Wie viel muss Dresden zahlen?

Dresden zahlt jährlich 10,5 Millionen Euro an den Freistaat. "Damit leistet die Stadt einen Eigenbeitrag für den immensen Nutzen der zahlreichen vom Land finanzierten Kultureinrichtungen wie Schauspielhaus, Semperoper oder Staatliche Kunstsammlungen", betont die SPD-Landtagsabgeordnete Stange.

Wohin fließt das städtische Geld?

Bis zu 2,5 Millionen Euro fließen ins Verkehrsmuseum, das zur Stadt gehört. Noch einmal 2,5 Millionen erhalten die Stiftung Hygienemuseum sowie 1,5 Millionen die Forsythe-Company in Hellerau. Die restlichen vier Millionen gehen ans Staatsschauspiel. Im Prinzip "symbolische Millionen" für die Summe aller Landeseinrichtungen in Dresden, von denen die Stadt profitiert.

Hätte die Stadt Dresden einen finanziellen Nutzen davon, wenn sie William Forsythe kündigt?
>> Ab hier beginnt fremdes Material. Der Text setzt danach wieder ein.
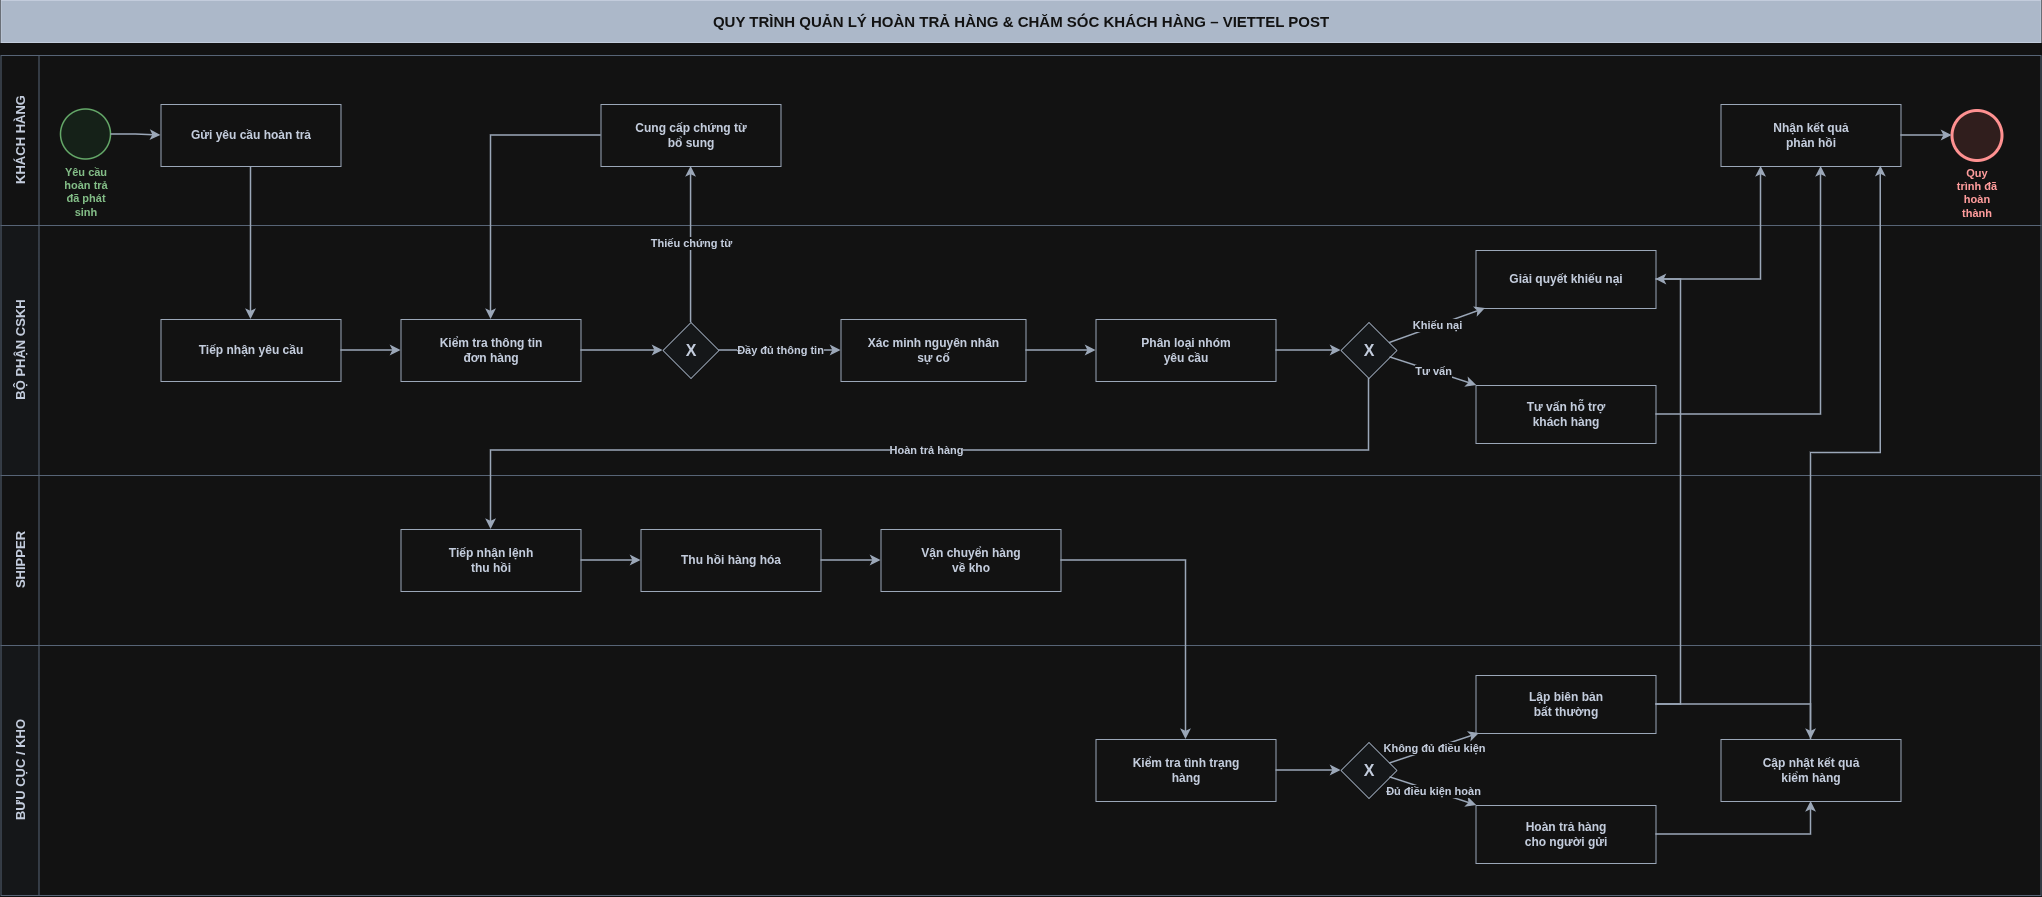

The diagram above was exported from draw.io. Its source (the exported page's mxGraphModel, read from the mxfile embedded in the PNG):
<mxGraphModel dx="2131" dy="1057" grid="1" gridSize="10" guides="1" tooltips="1" connect="1" arrows="1" fold="1" page="1" pageScale="1" pageWidth="2120" pageHeight="1120" math="0" shadow="0">
  <root>
    <mxCell id="0" />
    <mxCell id="1" parent="0" />
    <mxCell id="header" parent="1" style="text;html=1;strokeColor=#1e293b;fillColor=#334155;align=center;verticalAlign=middle;whiteSpace=wrap;rounded=0;fontColor=#ffffff;fontStyle=1;fontSize=15;" value="QUY TRÌNH QUẢN LÝ HOÀN TRẢ HÀNG &amp; CHĂM SÓC KHÁCH HÀNG – VIETTEL POST" vertex="1">
      <mxGeometry height="42" width="2040" x="40" y="20" as="geometry" />
    </mxCell>
    <mxCell id="lane-kh" parent="1" style="swimlane;html=1;startSize=38;horizontal=0;collapsible=0;fillColor=#ffffff;strokeColor=#94a3b8;strokeWidth=1;fontStyle=1;fontSize=13;fontColor=#1e293b;whiteSpace=wrap;" value="KHÁCH HÀNG" vertex="1">
      <mxGeometry height="170" width="2040" x="40" y="75" as="geometry" />
    </mxCell>
    <mxCell id="lane-cskh" parent="1" style="swimlane;html=1;startSize=38;horizontal=0;collapsible=0;fillColor=#f8fafc;strokeColor=#94a3b8;strokeWidth=1;fontStyle=1;fontSize=13;fontColor=#1e293b;whiteSpace=wrap;" value="BỘ PHẬN CSKH" vertex="1">
      <mxGeometry height="250" width="2040" x="40" y="245" as="geometry" />
    </mxCell>
    <mxCell id="lane-shipper" parent="1" style="swimlane;html=1;startSize=38;horizontal=0;collapsible=0;fillColor=#ffffff;strokeColor=#94a3b8;strokeWidth=1;fontStyle=1;fontSize=13;fontColor=#1e293b;whiteSpace=wrap;" value="SHIPPER" vertex="1">
      <mxGeometry height="170" width="2040" x="40" y="495" as="geometry" />
    </mxCell>
    <mxCell id="lane-kho" parent="1" style="swimlane;html=1;startSize=38;horizontal=0;collapsible=0;fillColor=#f8fafc;strokeColor=#94a3b8;strokeWidth=1;fontStyle=1;fontSize=13;fontColor=#1e293b;whiteSpace=wrap;" value="BƯU CỤC / KHO" vertex="1">
      <mxGeometry height="250" width="2040" x="40" y="665" as="geometry" />
    </mxCell>
    <mxCell id="node-kho-4" parent="1" style="rounded=0;whiteSpace=wrap;html=1;fillColor=#ffffff;strokeColor=#475569;strokeWidth=1;fontColor=#1e293b;fontSize=12;fontStyle=1;" value="Cập nhật kết quả&#10;kiểm hàng" vertex="1">
      <mxGeometry height="62" width="180" x="1760" y="759" as="geometry" />
    </mxCell>
    <mxCell id="node-start" parent="1" style="ellipse;whiteSpace=wrap;html=1;fillColor=#e6f4ea;strokeColor=#2e7d32;strokeWidth=1.5;fontColor=#1b5e20;fontStyle=1;fontSize=11;verticalLabelPosition=bottom;verticalAlign=top;align=center;" value="Yêu cầu hoàn trả&#10;đã phát sinh" vertex="1">
      <mxGeometry height="50" width="50" x="100" y="129" as="geometry" />
    </mxCell>
    <mxCell id="node-kh-1" parent="1" style="rounded=0;whiteSpace=wrap;html=1;fillColor=#ffffff;strokeColor=#475569;strokeWidth=1;fontColor=#1e293b;fontSize=12;fontStyle=1;" value="Gửi yêu cầu hoàn trả" vertex="1">
      <mxGeometry height="62" width="180" x="200" y="124" as="geometry" />
    </mxCell>
    <mxCell id="node-kh-2" parent="1" style="rounded=0;whiteSpace=wrap;html=1;fillColor=#ffffff;strokeColor=#475569;strokeWidth=1;fontColor=#1e293b;fontSize=12;fontStyle=1;" value="Cung cấp chứng từ&#10;bổ sung" vertex="1">
      <mxGeometry height="62" width="180" x="640" y="124" as="geometry" />
    </mxCell>
    <mxCell id="node-kh-3" parent="1" style="rounded=0;whiteSpace=wrap;html=1;fillColor=#ffffff;strokeColor=#475569;strokeWidth=1;fontColor=#1e293b;fontSize=12;fontStyle=1;" value="Nhận kết quả&#10;phản hồi" vertex="1">
      <mxGeometry height="62" width="180" x="1760" y="124" as="geometry" />
    </mxCell>
    <mxCell id="node-end" parent="1" style="ellipse;whiteSpace=wrap;html=1;fillColor=#fce8e6;strokeColor=#c62828;strokeWidth=3;fontColor=#b71c1c;fontStyle=1;fontSize=11;verticalLabelPosition=bottom;verticalAlign=top;align=center;" value="Quy trình đã&#10;hoàn thành" vertex="1">
      <mxGeometry height="50" width="50" x="1991" y="130" as="geometry" />
    </mxCell>
    <mxCell id="node-cskh-1" parent="1" style="rounded=0;whiteSpace=wrap;html=1;fillColor=#ffffff;strokeColor=#475569;strokeWidth=1;fontColor=#1e293b;fontSize=12;fontStyle=1;" value="Tiếp nhận yêu cầu" vertex="1">
      <mxGeometry height="62" width="180" x="200" y="339" as="geometry" />
    </mxCell>
    <mxCell id="node-cskh-2" parent="1" style="rounded=0;whiteSpace=wrap;html=1;fillColor=#ffffff;strokeColor=#475569;strokeWidth=1;fontColor=#1e293b;fontSize=12;fontStyle=1;" value="Kiểm tra thông tin&#10;đơn hàng" vertex="1">
      <mxGeometry height="62" width="180" x="440" y="339" as="geometry" />
    </mxCell>
    <mxCell id="gw-info" parent="1" style="rhombus;whiteSpace=wrap;html=1;fillColor=#f8fafc;strokeColor=#475569;strokeWidth=1;fontColor=#1e293b;fontSize=16;fontStyle=1;" value="X" vertex="1">
      <mxGeometry height="56" width="56" x="702" y="342" as="geometry" />
    </mxCell>
    <mxCell id="node-cskh-3" parent="1" style="rounded=0;whiteSpace=wrap;html=1;fillColor=#ffffff;strokeColor=#475569;strokeWidth=1;fontColor=#1e293b;fontSize=12;fontStyle=1;" value="Xác minh nguyên nhân&#10;sự cố" vertex="1">
      <mxGeometry height="62" width="185" x="880" y="339" as="geometry" />
    </mxCell>
    <mxCell id="node-cskh-4" parent="1" style="rounded=0;whiteSpace=wrap;html=1;fillColor=#ffffff;strokeColor=#475569;strokeWidth=1;fontColor=#1e293b;fontSize=12;fontStyle=1;" value="Phân loại nhóm&#10;yêu cầu" vertex="1">
      <mxGeometry height="62" width="180" x="1135" y="339" as="geometry" />
    </mxCell>
    <mxCell id="gw-classify" parent="1" style="rhombus;whiteSpace=wrap;html=1;fillColor=#f8fafc;strokeColor=#475569;strokeWidth=1;fontColor=#1e293b;fontSize=16;fontStyle=1;" value="X" vertex="1">
      <mxGeometry height="56" width="56" x="1380" y="342" as="geometry" />
    </mxCell>
    <mxCell id="node-cskh-5" parent="1" style="rounded=0;whiteSpace=wrap;html=1;fillColor=#ffffff;strokeColor=#475569;strokeWidth=1;fontColor=#1e293b;fontSize=12;fontStyle=1;" value="Giải quyết khiếu nại" vertex="1">
      <mxGeometry height="58" width="180" x="1515" y="270" as="geometry" />
    </mxCell>
    <mxCell id="node-cskh-6" parent="1" style="rounded=0;whiteSpace=wrap;html=1;fillColor=#ffffff;strokeColor=#475569;strokeWidth=1;fontColor=#1e293b;fontSize=12;fontStyle=1;" value="Tư vấn hỗ trợ&#10;khách hàng" vertex="1">
      <mxGeometry height="58" width="180" x="1515" y="405" as="geometry" />
    </mxCell>
    <mxCell id="node-ship-1" parent="1" style="rounded=0;whiteSpace=wrap;html=1;fillColor=#ffffff;strokeColor=#475569;strokeWidth=1;fontColor=#1e293b;fontSize=12;fontStyle=1;" value="Tiếp nhận lệnh&#10;thu hồi" vertex="1">
      <mxGeometry height="62" width="180" x="440" y="549" as="geometry" />
    </mxCell>
    <mxCell id="node-ship-2" parent="1" style="rounded=0;whiteSpace=wrap;html=1;fillColor=#ffffff;strokeColor=#475569;strokeWidth=1;fontColor=#1e293b;fontSize=12;fontStyle=1;" value="Thu hồi hàng hóa" vertex="1">
      <mxGeometry height="62" width="180" x="680" y="549" as="geometry" />
    </mxCell>
    <mxCell id="node-ship-3" parent="1" style="rounded=0;whiteSpace=wrap;html=1;fillColor=#ffffff;strokeColor=#475569;strokeWidth=1;fontColor=#1e293b;fontSize=12;fontStyle=1;" value="Vận chuyển hàng&#10;về kho" vertex="1">
      <mxGeometry height="62" width="180" x="920" y="549" as="geometry" />
    </mxCell>
    <mxCell id="node-kho-1" parent="1" style="rounded=0;whiteSpace=wrap;html=1;fillColor=#ffffff;strokeColor=#475569;strokeWidth=1;fontColor=#1e293b;fontSize=12;fontStyle=1;" value="Kiểm tra tình trạng&#10;hàng" vertex="1">
      <mxGeometry height="62" width="180" x="1135" y="759" as="geometry" />
    </mxCell>
    <mxCell id="gw-condition" parent="1" style="rhombus;whiteSpace=wrap;html=1;fillColor=#f8fafc;strokeColor=#475569;strokeWidth=1;fontColor=#1e293b;fontSize=16;fontStyle=1;" value="X" vertex="1">
      <mxGeometry height="56" width="56" x="1380" y="762" as="geometry" />
    </mxCell>
    <mxCell id="node-kho-2" parent="1" style="rounded=0;whiteSpace=wrap;html=1;fillColor=#ffffff;strokeColor=#475569;strokeWidth=1;fontColor=#1e293b;fontSize=12;fontStyle=1;" value="Lập biên bản&#10;bất thường" vertex="1">
      <mxGeometry height="58" width="180" x="1515" y="695" as="geometry" />
    </mxCell>
    <mxCell id="node-kho-3" parent="1" style="rounded=0;whiteSpace=wrap;html=1;fillColor=#ffffff;strokeColor=#475569;strokeWidth=1;fontColor=#1e293b;fontSize=12;fontStyle=1;" value="Hoàn trả hàng&#10;cho người gửi" vertex="1">
      <mxGeometry height="58" width="180" x="1515" y="825" as="geometry" />
    </mxCell>
    <mxCell id="e1" edge="1" parent="1" source="node-start" style="edgeStyle=orthogonalEdgeStyle;rounded=0;orthogonalLoop=1;jettySize=auto;html=1;strokeColor=#475569;strokeWidth=1.5;endArrow=classic;" target="node-kh-1">
      <mxGeometry relative="1" as="geometry" />
    </mxCell>
    <mxCell id="e2" edge="1" parent="1" source="node-kh-1" style="edgeStyle=orthogonalEdgeStyle;rounded=0;orthogonalLoop=1;jettySize=auto;html=1;strokeColor=#475569;strokeWidth=1.5;endArrow=classic;" target="node-cskh-1">
      <mxGeometry relative="1" as="geometry" />
    </mxCell>
    <mxCell id="e4" edge="1" parent="1" source="node-cskh-1" style="edgeStyle=orthogonalEdgeStyle;rounded=0;orthogonalLoop=1;jettySize=auto;html=1;strokeColor=#475569;strokeWidth=1.5;endArrow=classic;" target="node-cskh-2">
      <mxGeometry relative="1" as="geometry" />
    </mxCell>
    <mxCell id="e5" edge="1" parent="1" source="node-cskh-2" style="edgeStyle=orthogonalEdgeStyle;rounded=0;orthogonalLoop=1;jettySize=auto;html=1;strokeColor=#475569;strokeWidth=1.5;endArrow=classic;" target="gw-info">
      <mxGeometry relative="1" as="geometry" />
    </mxCell>
    <mxCell id="e6-missing" edge="1" parent="1" source="gw-info" style="edgeStyle=orthogonalEdgeStyle;rounded=0;orthogonalLoop=1;jettySize=auto;html=1;strokeColor=#475569;strokeWidth=1.5;endArrow=classic;labelBackgroundColor=#ffffff;fontColor=#1e293b;fontStyle=1;fontSize=11;" target="node-kh-2" value="Thiếu chứng từ">
      <mxGeometry relative="1" as="geometry">
        <Array as="points">
          <mxPoint x="730" y="210" />
          <mxPoint x="730" y="210" />
        </Array>
      </mxGeometry>
    </mxCell>
    <mxCell id="e7-resubmit" edge="1" parent="1" source="node-kh-2" style="edgeStyle=orthogonalEdgeStyle;rounded=0;orthogonalLoop=1;jettySize=auto;html=1;strokeColor=#475569;strokeWidth=1.5;endArrow=classic;" target="node-cskh-2">
      <mxGeometry relative="1" as="geometry">
        <Array as="points">
          <mxPoint x="530" y="155" />
        </Array>
      </mxGeometry>
    </mxCell>
    <mxCell id="e8-valid" edge="1" parent="1" source="gw-info" style="edgeStyle=orthogonalEdgeStyle;rounded=0;orthogonalLoop=1;jettySize=auto;html=1;strokeColor=#475569;strokeWidth=1.5;endArrow=classic;labelBackgroundColor=#ffffff;fontColor=#1e293b;fontStyle=1;fontSize=11;" target="node-cskh-3" value="Đầy đủ thông tin">
      <mxGeometry relative="1" as="geometry" />
    </mxCell>
    <mxCell id="e9" edge="1" parent="1" source="node-cskh-3" style="edgeStyle=orthogonalEdgeStyle;rounded=0;orthogonalLoop=1;jettySize=auto;html=1;strokeColor=#475569;strokeWidth=1.5;endArrow=classic;" target="node-cskh-4">
      <mxGeometry relative="1" as="geometry" />
    </mxCell>
    <mxCell id="e10" edge="1" parent="1" source="node-cskh-4" style="edgeStyle=orthogonalEdgeStyle;rounded=0;orthogonalLoop=1;jettySize=auto;html=1;strokeColor=#475569;strokeWidth=1.5;endArrow=classic;" target="gw-classify">
      <mxGeometry relative="1" as="geometry" />
    </mxCell>
    <mxCell id="e11-return" edge="1" parent="1" source="gw-classify" style="edgeStyle=orthogonalEdgeStyle;rounded=0;orthogonalLoop=1;jettySize=auto;html=1;strokeColor=#475569;strokeWidth=1.5;endArrow=classic;labelBackgroundColor=#ffffff;fontColor=#1e293b;fontStyle=1;fontSize=11;" target="node-ship-1" value="Hoàn trả hàng">
      <mxGeometry relative="1" as="geometry">
        <Array as="points">
          <mxPoint x="1408" y="470" />
          <mxPoint x="530" y="470" />
        </Array>
      </mxGeometry>
    </mxCell>
    <mxCell id="e12-complaint" edge="1" parent="1" source="gw-classify" style="html=1;strokeColor=#475569;strokeWidth=1.5;endArrow=classic;labelBackgroundColor=#ffffff;fontColor=#1e293b;fontStyle=1;fontSize=11;" target="node-cskh-5" value="Khiếu nại">
      <mxGeometry relative="1" as="geometry" />
    </mxCell>
    <mxCell id="e13-consult" edge="1" parent="1" source="gw-classify" style="html=1;strokeColor=#475569;strokeWidth=1.5;endArrow=classic;labelBackgroundColor=#ffffff;fontColor=#1e293b;fontStyle=1;fontSize=11;" target="node-cskh-6" value="Tư vấn">
      <mxGeometry relative="1" as="geometry" />
    </mxCell>
    <mxCell id="e15" edge="1" parent="1" source="node-ship-1" style="edgeStyle=orthogonalEdgeStyle;rounded=0;orthogonalLoop=1;jettySize=auto;html=1;strokeColor=#475569;strokeWidth=1.5;endArrow=classic;" target="node-ship-2">
      <mxGeometry relative="1" as="geometry" />
    </mxCell>
    <mxCell id="e16" edge="1" parent="1" source="node-ship-2" style="edgeStyle=orthogonalEdgeStyle;rounded=0;orthogonalLoop=1;jettySize=auto;html=1;strokeColor=#475569;strokeWidth=1.5;endArrow=classic;" target="node-ship-3">
      <mxGeometry relative="1" as="geometry" />
    </mxCell>
    <mxCell id="e17" edge="1" parent="1" source="node-ship-3" style="edgeStyle=orthogonalEdgeStyle;rounded=0;orthogonalLoop=1;jettySize=auto;html=1;strokeColor=#475569;strokeWidth=1.5;endArrow=classic;" target="node-kho-1">
      <mxGeometry relative="1" as="geometry" />
    </mxCell>
    <mxCell id="e19" edge="1" parent="1" source="node-kho-1" style="edgeStyle=orthogonalEdgeStyle;rounded=0;orthogonalLoop=1;jettySize=auto;html=1;strokeColor=#475569;strokeWidth=1.5;endArrow=classic;" target="gw-condition">
      <mxGeometry relative="1" as="geometry" />
    </mxCell>
    <mxCell id="e20-invalid" edge="1" parent="1" source="gw-condition" style="html=1;strokeColor=#475569;strokeWidth=1.5;endArrow=classic;labelBackgroundColor=#ffffff;fontColor=#1e293b;fontStyle=1;fontSize=11;" target="node-kho-2" value="Không đủ điều kiện">
      <mxGeometry relative="1" as="geometry" />
    </mxCell>
    <mxCell id="e21-valid" edge="1" parent="1" source="gw-condition" style="html=1;strokeColor=#475569;strokeWidth=1.5;endArrow=classic;labelBackgroundColor=#ffffff;fontColor=#1e293b;fontStyle=1;fontSize=11;" target="node-kho-3" value="Đủ điều kiện hoàn">
      <mxGeometry relative="1" as="geometry" />
    </mxCell>
    <mxCell id="e22" edge="1" parent="1" source="node-kho-2" style="edgeStyle=orthogonalEdgeStyle;rounded=0;orthogonalLoop=1;jettySize=auto;html=1;strokeColor=#475569;strokeWidth=1.5;endArrow=classic;" target="node-cskh-5">
      <mxGeometry relative="1" as="geometry">
        <Array as="points">
          <mxPoint x="1720" y="724" />
          <mxPoint x="1720" y="299" />
        </Array>
      </mxGeometry>
    </mxCell>
    <mxCell id="e23" edge="1" parent="1" source="node-kho-2" style="edgeStyle=orthogonalEdgeStyle;rounded=0;orthogonalLoop=1;jettySize=auto;html=1;strokeColor=#475569;strokeWidth=1.5;endArrow=classic;" target="node-kho-4">
      <mxGeometry relative="1" as="geometry" />
    </mxCell>
    <mxCell id="e24" edge="1" parent="1" source="node-kho-3" style="edgeStyle=orthogonalEdgeStyle;rounded=0;orthogonalLoop=1;jettySize=auto;html=1;strokeColor=#475569;strokeWidth=1.5;endArrow=classic;" target="node-kho-4">
      <mxGeometry relative="1" as="geometry" />
    </mxCell>
    <mxCell id="e27" edge="1" parent="1" source="node-cskh-5" style="edgeStyle=orthogonalEdgeStyle;rounded=0;orthogonalLoop=1;jettySize=auto;html=1;strokeColor=#475569;strokeWidth=1.5;endArrow=classic;" target="node-kh-3">
      <mxGeometry relative="1" as="geometry">
        <Array as="points">
          <mxPoint x="1800" y="299" />
          <mxPoint x="1800" y="186" />
        </Array>
      </mxGeometry>
    </mxCell>
    <mxCell id="e28" edge="1" parent="1" source="node-cskh-6" style="edgeStyle=orthogonalEdgeStyle;rounded=0;orthogonalLoop=1;jettySize=auto;html=1;strokeColor=#475569;strokeWidth=1.5;endArrow=classic;" target="node-kh-3">
      <mxGeometry relative="1" as="geometry">
        <Array as="points">
          <mxPoint x="1860" y="434" />
          <mxPoint x="1860" y="186" />
        </Array>
      </mxGeometry>
    </mxCell>
    <mxCell id="e29" edge="1" parent="1" source="node-kh-3" style="edgeStyle=orthogonalEdgeStyle;rounded=0;orthogonalLoop=1;jettySize=auto;html=1;strokeColor=#475569;strokeWidth=1.5;endArrow=classic;" target="node-end">
      <mxGeometry relative="1" as="geometry" />
    </mxCell>
    <mxCell id="in8rHWLG7BiiCRzyeZzC-2" edge="1" parent="1" source="node-kho-4" style="edgeStyle=orthogonalEdgeStyle;rounded=0;orthogonalLoop=1;jettySize=auto;html=1;strokeColor=#475569;strokeWidth=1.5;endArrow=classic;entryX=0.888;entryY=0.994;entryDx=0;entryDy=0;entryPerimeter=0;" target="node-kh-3">
      <mxGeometry relative="1" as="geometry">
        <mxPoint x="1920" y="760" as="sourcePoint" />
      </mxGeometry>
    </mxCell>
  </root>
</mxGraphModel>

"Nein", sagt Eva-Maria Stange. "Es ist falsch, den Eindruck zu erwecken, als ob bei Kündigung des Vertrages durch die Stadt Dresden diese Mittel in andere Kulturprojekte der Stadt wie zum Beispiel die freie Kulturszene fließen könnten. Hier muss die Stadt schon mehr eigene Anstrengungen unternehmen, so wie es Leipzig und Chemnitz mit deutlich mehr Mitteln tun."

Welche anderen Gründe sprechen dafür, den Vertrag mit der Forsythe-Company bis Ende 2016 (und Option bis 2018) zu verlängern?

In Dresden breche der Provinzialismus wieder aus, glaubt Stange. Mit dem Ballett der Oper, der einzigen europäischen Hochschule des Tanzes und der Forsythe-Company sei in Dresden ein einmaliges Netzwerk des klassischen und modernen Tanzes entstanden. Davon profitieren die Bevölkerung, die Touristen, die jungen Tänzer aus aller Welt und der Weltkulturerbe-Bewerber Hellerau. "August der Starke hat die Basis mit seiner Weltoffenheit und seinem Hang zum Modernen gelegt. Warum schaut Dresden immer mehr zurück als nach vorn, wenn es um Kunst und Kultur geht?", fragt Stange.